- **Data shown**:
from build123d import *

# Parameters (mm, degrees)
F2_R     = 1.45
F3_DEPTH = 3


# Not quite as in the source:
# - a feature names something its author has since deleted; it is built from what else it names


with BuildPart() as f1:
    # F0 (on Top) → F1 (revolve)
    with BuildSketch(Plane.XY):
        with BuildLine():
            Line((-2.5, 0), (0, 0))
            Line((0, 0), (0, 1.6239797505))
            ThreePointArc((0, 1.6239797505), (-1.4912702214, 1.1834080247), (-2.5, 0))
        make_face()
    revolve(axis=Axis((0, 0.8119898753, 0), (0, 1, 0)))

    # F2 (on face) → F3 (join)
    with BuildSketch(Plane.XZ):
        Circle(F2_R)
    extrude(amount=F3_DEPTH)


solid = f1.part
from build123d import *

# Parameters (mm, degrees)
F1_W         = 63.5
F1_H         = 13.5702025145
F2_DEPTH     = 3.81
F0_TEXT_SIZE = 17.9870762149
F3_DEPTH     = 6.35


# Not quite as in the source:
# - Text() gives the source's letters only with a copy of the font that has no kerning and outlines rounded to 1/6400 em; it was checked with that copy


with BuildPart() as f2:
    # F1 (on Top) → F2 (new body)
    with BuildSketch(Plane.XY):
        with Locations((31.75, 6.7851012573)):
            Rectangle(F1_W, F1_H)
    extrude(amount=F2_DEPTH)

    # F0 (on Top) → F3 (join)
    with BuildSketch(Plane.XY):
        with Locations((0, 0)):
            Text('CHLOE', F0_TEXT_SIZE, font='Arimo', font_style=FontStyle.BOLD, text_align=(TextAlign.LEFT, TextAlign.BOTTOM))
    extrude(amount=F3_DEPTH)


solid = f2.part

- **About this exercise**: Your answer must be an exact copy of every entry above.

- **Output**:
from build123d import *

# Parameters (mm, degrees)
F2_R     = 1.45
F3_DEPTH = 3


# Not quite as in the source:
# - a feature names something its author has since deleted; it is built from what else it names


with BuildPart() as f1:
    # F0 (on Top) → F1 (revolve)
    with BuildSketch(Plane.XY):
        with BuildLine():
            Line((-2.5, 0), (0, 0))
            Line((0, 0), (0, 1.6239797505))
            ThreePointArc((0, 1.6239797505), (-1.4912702214, 1.1834080247), (-2.5, 0))
        make_face()
    revolve(axis=Axis((0, 0.8119898753, 0), (0, 1, 0)))

    # F2 (on face) → F3 (join)
    with BuildSketch(Plane.XZ):
        Circle(F2_R)
    extrude(amount=F3_DEPTH)


solid = f1.part
from build123d import *

# Parameters (mm, degrees)
F1_W         = 63.5
F1_H         = 13.5702025145
F2_DEPTH     = 3.81
F0_TEXT_SIZE = 17.9870762149
F3_DEPTH     = 6.35


# Not quite as in the source:
# - Text() gives the source's letters only with a copy of the font that has no kerning and outlines rounded to 1/6400 em; it was checked with that copy


with BuildPart() as f2:
    # F1 (on Top) → F2 (new body)
    with BuildSketch(Plane.XY):
        with Locations((31.75, 6.7851012573)):
            Rectangle(F1_W, F1_H)
    extrude(amount=F2_DEPTH)

    # F0 (on Top) → F3 (join)
    with BuildSketch(Plane.XY):
        with Locations((0, 0)):
            Text('CHLOE', F0_TEXT_SIZE, font='Arimo', font_style=FontStyle.BOLD, text_align=(TextAlign.LEFT, TextAlign.BOTTOM))
    extrude(amount=F3_DEPTH)


solid = f2.part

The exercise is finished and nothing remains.